Cass. pen. Sez. V, Sent., (ud. 26-01-2011) 16-03-2011, n. 10940

Sentenza scelta dal dott. Domenico Cirasole direttore del sito giuridico http://www.gadit.it/

Svolgimento del processo

Con la sentenza impugnata, in riforma della sentenza del Giudice di Pace di S. Elpidio a Mare in data 28.2.2008, S.E. veniva assolto per non costituire il fatto reato dall’imputazione di cui all’art. 594 c.p. contestata come commessa il (OMISSIS) spedendo al notaio R.A., presso il di lui studio in (OMISSIS), una lettera raccomandata nella quale affermava di rifiutare di ricevere copie di atti precedentemente richieste In quanto le stesse non risultavano conformi agli atti originali, in tal modo attribuendo al R. la spedizione di atti falsi.

Il ricorrente lamenta illogicità della motivazione in ordine all’esclusione della responsabilità a fini civili dell’imputato per il fatto contestato.
Motivi della decisione

Il ricorso è fondato.

Con la sentenza impugnata si riteneva non esservi prova della coscienza e volontà dell’imputato di fare uso di espressioni offensive, considerato che nella missiva di cui all’imputazione non compariva un’espressa accusa di spedizione di atti falsi o altre espressioni ingiuriose e che appariva maggiormente conforme a logica che il S. intendesse esigere che sulle copie autentiche richieste fosse apposta la menzione della sottoposizione dei documenti a sequestro penale, avendo il predetto sostanzialmente interesse ad evitare una circolazione dei beni che vanificasse il vincolo reale apposto sui relativi documenti.

Il ricorrente rileva che la decisione di cui sopra è fondata su una erronea lettura del contenuto della lettera; che in particolare l’espressione "dopo aver vagliato sotto ogni profilo giurisprudenza e dottrina respingo le sua copie autentiche…in quanto le stesse non risultano conformi all’originale" equivale all’addebitare la spedizione di atti falsi; che la diversa ricostruzione dell’intenzione dell’imputato, prospettata nella sentenza, è illogica ed arbitraria laddove il rifiuto di ricevere gli atti era motivato nella lettera con l’affermazione per cui "le copie autentiche erano state sottoposte a sequestro penale…erroneamente in virtù degli artt. 476 e 479 c.p. per errata specificità del delitto bensì a norma di legge dovevano essere sottoposte a sequestro per aver violato la norma dell’art. 378 c.p.", passaggio qualificato dal ricorrente come delirante e tale da non sottintendere logicamente la mera richiesta di apposizione della menzione del sequestro dei documenti, bensì la volontà di offendere il notaio con il quale il S. aveva ingaggiato una contesa personale, come ulteriormente dimostrato dall’essere stata la missiva inviata anche al Procuratore della Repubblica di Fermo, alla Sezione di Polizia Giudiziaria della Guardia di Finanza di Fermo ed al Procuratore della Repubblica presso il Tribunale di L’Aquila, competente ad indagare sui magistrati della Corte d’Appello di Ancona e quindi sulla moglie del Notaio R., giudice presso il Tribunale di Camerino.

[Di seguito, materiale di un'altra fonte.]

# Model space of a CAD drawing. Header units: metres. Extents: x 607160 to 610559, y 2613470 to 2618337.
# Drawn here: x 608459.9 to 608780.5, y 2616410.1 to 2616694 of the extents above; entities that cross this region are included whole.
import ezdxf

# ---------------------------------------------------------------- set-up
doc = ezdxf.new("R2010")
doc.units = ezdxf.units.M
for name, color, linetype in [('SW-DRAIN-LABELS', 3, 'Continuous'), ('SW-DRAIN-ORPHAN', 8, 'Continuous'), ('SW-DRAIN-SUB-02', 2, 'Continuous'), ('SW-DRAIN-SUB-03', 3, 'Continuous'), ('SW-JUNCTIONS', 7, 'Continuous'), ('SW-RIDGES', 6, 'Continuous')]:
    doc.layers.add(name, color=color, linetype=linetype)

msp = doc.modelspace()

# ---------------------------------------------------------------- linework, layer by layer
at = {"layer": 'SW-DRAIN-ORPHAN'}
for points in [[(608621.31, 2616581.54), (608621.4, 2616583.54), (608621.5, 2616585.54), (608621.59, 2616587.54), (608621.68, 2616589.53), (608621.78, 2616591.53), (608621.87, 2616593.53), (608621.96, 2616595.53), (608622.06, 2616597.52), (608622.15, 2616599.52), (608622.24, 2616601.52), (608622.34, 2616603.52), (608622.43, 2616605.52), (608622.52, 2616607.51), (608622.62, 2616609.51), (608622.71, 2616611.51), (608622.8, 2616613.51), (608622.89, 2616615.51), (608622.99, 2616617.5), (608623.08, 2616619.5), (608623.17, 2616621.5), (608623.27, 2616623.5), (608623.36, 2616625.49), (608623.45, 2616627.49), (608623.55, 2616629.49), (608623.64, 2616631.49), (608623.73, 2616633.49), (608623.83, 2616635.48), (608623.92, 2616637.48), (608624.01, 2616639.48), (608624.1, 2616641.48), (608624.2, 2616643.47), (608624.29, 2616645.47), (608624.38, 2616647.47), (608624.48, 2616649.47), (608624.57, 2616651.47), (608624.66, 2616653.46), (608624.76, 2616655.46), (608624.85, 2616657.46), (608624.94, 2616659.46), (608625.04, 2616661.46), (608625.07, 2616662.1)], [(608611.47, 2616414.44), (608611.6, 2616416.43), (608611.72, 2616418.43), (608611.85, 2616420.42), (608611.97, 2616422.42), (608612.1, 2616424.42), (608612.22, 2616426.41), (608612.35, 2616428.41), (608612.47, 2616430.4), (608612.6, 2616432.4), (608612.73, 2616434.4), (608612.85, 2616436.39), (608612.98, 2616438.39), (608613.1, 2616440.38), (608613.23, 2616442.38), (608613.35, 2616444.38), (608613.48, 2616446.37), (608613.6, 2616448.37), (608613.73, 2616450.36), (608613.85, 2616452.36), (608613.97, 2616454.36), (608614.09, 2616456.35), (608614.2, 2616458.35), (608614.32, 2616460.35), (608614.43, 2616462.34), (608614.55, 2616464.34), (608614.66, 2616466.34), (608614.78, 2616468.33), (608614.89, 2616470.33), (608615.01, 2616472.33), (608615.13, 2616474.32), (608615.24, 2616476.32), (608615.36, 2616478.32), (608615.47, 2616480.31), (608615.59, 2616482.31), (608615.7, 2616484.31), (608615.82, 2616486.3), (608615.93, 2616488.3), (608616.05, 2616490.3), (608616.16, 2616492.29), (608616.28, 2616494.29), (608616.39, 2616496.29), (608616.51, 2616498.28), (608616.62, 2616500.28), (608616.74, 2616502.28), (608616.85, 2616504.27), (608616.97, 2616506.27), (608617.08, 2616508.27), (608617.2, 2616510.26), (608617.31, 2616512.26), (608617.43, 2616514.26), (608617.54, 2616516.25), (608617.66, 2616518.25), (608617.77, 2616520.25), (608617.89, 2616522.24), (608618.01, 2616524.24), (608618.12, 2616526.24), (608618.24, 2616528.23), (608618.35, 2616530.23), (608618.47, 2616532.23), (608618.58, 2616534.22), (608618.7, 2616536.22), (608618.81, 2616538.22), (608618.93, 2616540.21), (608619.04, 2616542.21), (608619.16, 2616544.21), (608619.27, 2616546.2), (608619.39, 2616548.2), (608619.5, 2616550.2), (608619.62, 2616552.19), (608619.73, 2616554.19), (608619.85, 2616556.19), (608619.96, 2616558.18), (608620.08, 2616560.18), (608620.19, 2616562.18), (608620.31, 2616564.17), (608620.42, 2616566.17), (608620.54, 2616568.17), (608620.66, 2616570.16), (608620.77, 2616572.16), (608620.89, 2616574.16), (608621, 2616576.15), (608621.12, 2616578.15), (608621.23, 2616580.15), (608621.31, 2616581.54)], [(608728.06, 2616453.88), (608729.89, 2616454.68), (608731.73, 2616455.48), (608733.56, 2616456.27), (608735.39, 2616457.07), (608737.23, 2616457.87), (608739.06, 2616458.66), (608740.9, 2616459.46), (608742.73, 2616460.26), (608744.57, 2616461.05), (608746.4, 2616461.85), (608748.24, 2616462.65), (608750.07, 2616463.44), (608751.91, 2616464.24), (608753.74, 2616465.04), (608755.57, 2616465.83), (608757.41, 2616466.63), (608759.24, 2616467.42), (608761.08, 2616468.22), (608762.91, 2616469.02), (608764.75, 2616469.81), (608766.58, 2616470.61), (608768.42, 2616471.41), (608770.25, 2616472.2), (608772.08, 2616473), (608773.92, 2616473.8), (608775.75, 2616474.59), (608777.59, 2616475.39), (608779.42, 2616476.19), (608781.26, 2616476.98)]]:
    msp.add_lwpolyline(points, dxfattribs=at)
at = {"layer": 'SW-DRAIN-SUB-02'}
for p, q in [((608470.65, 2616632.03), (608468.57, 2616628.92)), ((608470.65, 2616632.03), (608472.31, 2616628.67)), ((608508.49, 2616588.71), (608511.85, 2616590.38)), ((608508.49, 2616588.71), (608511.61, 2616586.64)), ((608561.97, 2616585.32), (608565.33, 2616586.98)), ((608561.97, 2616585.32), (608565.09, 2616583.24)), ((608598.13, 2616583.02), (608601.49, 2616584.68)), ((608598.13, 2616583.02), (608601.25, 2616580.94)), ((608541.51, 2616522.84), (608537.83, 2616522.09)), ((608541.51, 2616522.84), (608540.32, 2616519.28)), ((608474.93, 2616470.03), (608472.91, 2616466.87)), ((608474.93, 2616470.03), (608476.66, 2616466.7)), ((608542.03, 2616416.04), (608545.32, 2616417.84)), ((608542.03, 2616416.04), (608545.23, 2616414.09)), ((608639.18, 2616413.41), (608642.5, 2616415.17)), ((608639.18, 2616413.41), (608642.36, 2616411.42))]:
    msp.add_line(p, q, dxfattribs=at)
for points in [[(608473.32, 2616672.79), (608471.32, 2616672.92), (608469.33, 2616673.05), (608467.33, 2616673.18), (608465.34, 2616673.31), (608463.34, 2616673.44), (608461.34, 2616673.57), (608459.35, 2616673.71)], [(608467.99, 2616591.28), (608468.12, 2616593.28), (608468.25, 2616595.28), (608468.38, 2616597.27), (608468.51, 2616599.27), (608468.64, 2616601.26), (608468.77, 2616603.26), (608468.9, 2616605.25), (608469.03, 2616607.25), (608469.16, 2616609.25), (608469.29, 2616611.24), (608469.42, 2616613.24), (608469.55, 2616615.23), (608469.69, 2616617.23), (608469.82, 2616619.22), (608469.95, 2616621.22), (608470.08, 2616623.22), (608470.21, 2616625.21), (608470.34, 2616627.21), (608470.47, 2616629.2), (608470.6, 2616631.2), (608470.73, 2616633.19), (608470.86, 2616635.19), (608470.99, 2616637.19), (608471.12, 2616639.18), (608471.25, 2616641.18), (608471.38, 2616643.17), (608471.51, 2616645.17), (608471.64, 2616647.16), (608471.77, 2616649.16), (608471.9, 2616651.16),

La motivazione della sentenza impugnata risulta in effetti connotata da manifesta illogicità laddove, a fronte della presenza nella missiva contestata dell’icastica affermazione di non conformità agli originali delle copie trasmesse dal notaio, in sè univocamente traducibile in un addebito di falsità, si ipotizza una significazione alternativa dello scritto, nel senso della mera richiesta dell’apposizione dell’annotazione relativa al sequestro degli originali dei documenti, del tutto estranea al dato testuale e tratta arbitrariamente da un diverso passaggio della missiva e dal confuso riferimento dello stesso alla vicenda del sequestro.

La motivazione in esame è altresì carente nell’omessa valutazione della destinazione alla missiva a diverse autorità giudiziarie, fra le quali quella competente a procedere nei confronti della moglie del R.; elemento che, laddove esaminato, avrebbe posto in rilievo aspetti di incongruità rispetto alla tesi del riferimento della missiva alla mancata annotazione del sequestro e di consonanza piuttosto con l’attribuzione alla parte offesa di un reato di falso documentale.

La sentenza impugnata deve pertanto annullata con rinvio per un nuovo esame, sui profili appena segnalati, al giudice civile competente in grado di appello.

La liquidazione delle spese della parte civile per il presente grado va rimessa al definitivo, non essendo stata presentata nota spese.
P.Q.M.

Annulla la sentenza impugnata con rinvio al giudice civile competente per valore in grado di appello per nuovo esame; spese della parte civile al definitivo.

Testo non ufficiale. La sola stampa del bollettino ufficiale ha carattere legale.